> _DATA IN THIS EXERCISE_
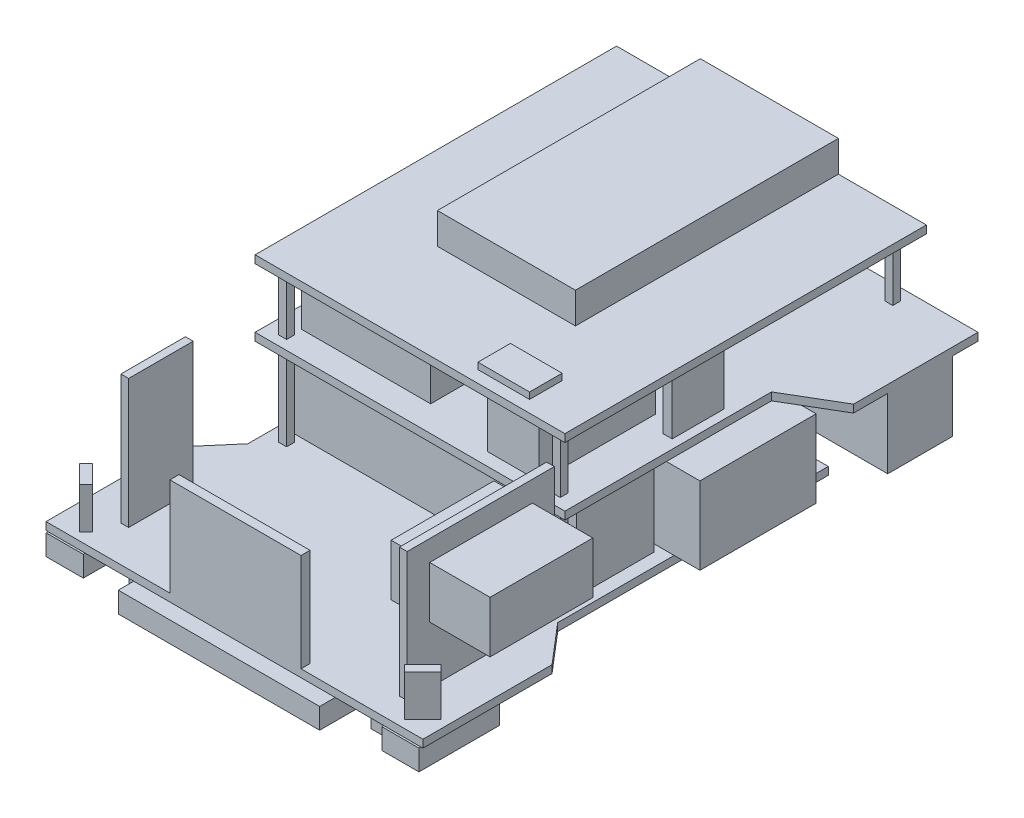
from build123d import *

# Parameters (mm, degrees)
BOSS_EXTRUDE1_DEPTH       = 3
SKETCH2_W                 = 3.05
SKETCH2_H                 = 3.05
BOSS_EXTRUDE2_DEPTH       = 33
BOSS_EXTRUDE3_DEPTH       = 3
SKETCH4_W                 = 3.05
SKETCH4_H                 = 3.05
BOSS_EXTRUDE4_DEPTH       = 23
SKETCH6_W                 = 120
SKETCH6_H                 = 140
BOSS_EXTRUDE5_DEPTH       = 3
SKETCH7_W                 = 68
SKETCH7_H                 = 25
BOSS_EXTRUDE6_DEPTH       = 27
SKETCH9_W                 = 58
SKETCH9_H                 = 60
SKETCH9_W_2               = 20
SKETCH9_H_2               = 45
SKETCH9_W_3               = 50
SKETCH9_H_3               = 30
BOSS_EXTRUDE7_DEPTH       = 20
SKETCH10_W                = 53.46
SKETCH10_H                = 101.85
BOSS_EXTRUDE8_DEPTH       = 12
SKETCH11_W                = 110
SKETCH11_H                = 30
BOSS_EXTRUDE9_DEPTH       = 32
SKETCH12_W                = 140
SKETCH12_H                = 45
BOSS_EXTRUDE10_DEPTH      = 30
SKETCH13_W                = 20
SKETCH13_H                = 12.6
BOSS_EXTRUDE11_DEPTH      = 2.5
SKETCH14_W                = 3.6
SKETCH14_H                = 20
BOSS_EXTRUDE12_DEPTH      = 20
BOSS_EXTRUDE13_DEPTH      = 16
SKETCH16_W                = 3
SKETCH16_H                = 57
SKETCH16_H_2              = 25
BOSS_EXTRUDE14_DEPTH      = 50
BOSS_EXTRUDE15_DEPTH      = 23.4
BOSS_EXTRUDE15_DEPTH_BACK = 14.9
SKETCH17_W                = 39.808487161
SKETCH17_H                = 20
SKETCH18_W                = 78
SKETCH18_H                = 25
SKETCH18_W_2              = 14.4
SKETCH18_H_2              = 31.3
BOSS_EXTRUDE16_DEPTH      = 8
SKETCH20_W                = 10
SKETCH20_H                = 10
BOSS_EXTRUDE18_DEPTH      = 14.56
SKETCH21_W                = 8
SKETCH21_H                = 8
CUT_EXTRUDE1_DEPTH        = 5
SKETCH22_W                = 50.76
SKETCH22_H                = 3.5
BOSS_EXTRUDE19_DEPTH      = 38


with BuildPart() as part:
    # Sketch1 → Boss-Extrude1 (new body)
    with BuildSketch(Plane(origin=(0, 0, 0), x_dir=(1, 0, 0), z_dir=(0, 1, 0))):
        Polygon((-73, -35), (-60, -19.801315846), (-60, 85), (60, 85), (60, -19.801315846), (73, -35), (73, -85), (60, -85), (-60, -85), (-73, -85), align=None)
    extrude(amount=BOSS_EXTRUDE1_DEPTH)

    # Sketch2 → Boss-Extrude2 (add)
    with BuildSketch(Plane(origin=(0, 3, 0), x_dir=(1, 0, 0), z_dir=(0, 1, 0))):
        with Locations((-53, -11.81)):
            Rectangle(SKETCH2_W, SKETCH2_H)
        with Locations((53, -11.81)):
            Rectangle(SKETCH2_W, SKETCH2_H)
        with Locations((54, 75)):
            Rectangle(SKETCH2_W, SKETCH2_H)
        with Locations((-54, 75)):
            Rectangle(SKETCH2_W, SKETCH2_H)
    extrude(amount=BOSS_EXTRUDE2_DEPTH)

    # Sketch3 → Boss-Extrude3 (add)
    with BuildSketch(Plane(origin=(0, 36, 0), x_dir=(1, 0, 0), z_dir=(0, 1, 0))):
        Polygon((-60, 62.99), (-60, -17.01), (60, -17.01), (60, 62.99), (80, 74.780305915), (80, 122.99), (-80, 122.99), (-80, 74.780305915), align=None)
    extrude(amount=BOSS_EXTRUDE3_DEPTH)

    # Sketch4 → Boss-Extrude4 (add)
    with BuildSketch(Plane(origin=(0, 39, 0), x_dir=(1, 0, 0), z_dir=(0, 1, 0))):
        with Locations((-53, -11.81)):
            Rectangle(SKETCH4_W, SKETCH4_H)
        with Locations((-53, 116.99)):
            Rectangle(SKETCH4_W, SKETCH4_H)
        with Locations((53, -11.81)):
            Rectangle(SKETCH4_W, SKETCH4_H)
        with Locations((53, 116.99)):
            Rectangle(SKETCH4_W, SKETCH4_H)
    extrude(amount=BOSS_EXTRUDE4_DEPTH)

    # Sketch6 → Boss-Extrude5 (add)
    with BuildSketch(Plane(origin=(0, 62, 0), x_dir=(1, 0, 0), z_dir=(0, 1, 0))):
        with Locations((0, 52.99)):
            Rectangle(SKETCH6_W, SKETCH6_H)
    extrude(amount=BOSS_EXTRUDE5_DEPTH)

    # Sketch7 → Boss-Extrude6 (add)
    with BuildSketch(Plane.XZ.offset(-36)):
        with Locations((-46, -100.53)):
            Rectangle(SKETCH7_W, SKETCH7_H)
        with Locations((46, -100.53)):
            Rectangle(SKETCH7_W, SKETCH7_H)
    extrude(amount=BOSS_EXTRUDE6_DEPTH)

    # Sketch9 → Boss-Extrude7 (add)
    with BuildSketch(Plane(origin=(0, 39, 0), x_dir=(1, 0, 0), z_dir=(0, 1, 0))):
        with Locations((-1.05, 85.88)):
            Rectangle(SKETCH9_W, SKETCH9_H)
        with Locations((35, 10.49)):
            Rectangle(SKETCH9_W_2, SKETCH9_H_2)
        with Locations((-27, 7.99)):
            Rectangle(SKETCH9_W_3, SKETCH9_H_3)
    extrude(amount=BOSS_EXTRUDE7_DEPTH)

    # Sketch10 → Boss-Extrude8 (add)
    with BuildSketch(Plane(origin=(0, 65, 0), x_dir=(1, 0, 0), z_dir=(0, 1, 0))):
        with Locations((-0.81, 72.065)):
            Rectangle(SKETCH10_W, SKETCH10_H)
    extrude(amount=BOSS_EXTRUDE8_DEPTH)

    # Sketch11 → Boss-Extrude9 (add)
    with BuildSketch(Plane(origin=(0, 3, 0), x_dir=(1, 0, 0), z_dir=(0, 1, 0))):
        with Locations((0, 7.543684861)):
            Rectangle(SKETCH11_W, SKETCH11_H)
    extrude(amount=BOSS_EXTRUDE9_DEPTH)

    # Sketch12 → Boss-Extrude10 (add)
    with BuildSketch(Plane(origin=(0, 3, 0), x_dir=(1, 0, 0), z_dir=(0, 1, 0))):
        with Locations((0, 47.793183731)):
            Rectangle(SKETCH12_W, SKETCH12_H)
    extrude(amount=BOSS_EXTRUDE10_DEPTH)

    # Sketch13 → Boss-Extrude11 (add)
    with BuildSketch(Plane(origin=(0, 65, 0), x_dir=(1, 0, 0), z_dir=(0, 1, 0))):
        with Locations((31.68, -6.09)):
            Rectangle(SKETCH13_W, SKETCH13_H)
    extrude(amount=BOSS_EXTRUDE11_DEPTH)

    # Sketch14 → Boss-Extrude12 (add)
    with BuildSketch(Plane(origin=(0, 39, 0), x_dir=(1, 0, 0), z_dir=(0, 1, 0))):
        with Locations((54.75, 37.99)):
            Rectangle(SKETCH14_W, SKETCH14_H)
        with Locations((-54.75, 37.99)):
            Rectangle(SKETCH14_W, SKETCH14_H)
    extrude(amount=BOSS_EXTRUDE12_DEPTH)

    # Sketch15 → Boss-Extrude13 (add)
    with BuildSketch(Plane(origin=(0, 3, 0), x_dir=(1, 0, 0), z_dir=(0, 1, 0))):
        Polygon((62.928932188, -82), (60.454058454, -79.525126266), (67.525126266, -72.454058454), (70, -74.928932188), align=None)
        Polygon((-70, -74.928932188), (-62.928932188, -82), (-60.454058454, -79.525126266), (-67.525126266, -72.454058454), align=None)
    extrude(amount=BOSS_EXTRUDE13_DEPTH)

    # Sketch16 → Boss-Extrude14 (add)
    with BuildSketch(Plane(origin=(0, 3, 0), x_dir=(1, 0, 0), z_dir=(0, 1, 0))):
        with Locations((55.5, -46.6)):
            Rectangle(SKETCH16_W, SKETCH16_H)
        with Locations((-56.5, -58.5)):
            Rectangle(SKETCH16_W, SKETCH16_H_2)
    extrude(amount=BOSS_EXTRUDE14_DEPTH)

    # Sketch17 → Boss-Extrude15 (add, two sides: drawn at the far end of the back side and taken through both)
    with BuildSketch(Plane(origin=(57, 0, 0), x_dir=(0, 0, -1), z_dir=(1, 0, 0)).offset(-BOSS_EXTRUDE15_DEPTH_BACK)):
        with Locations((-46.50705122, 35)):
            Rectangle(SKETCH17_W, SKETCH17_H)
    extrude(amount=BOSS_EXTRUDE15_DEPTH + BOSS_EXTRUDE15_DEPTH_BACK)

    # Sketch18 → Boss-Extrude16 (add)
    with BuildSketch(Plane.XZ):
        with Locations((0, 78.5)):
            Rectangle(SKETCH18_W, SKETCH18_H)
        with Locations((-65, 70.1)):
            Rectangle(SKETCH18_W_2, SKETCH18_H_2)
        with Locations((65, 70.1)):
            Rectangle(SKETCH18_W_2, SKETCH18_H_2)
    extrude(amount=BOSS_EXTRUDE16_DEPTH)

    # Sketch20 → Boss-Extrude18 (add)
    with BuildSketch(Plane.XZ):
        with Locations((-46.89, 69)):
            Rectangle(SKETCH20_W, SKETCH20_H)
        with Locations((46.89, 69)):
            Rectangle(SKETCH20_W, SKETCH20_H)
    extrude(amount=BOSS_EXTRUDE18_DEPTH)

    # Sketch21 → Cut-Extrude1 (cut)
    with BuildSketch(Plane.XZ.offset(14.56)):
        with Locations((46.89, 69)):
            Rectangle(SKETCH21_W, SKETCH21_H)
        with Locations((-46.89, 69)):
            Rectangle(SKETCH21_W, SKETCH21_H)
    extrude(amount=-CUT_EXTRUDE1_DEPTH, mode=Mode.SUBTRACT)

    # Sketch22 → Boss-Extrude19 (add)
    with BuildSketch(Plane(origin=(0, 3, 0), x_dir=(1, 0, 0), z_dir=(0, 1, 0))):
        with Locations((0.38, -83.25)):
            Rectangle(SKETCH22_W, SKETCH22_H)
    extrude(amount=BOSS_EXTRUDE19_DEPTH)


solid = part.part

> _TASK DIRECTIONS_
Search the data above and return each line in which "None" occurs.

> _ANSWER BOX_
        Polygon((-73, -35), (-60, -19.801315846), (-60, 85), (60, 85), (60, -19.801315846), (73, -35), (73, -85), (60, -85), (-60, -85), (-73, -85), align=None)
        Polygon((-60, 62.99), (-60, -17.01), (60, -17.01), (60, 62.99), (80, 74.780305915), (80, 122.99), (-80, 122.99), (-80, 74.780305915), align=None)
        Polygon((62.928932188, -82), (60.454058454, -79.525126266), (67.525126266, -72.454058454), (70, -74.928932188), align=None)
        Polygon((-70, -74.928932188), (-62.928932188, -82), (-60.454058454, -79.525126266), (-67.525126266, -72.454058454), align=None)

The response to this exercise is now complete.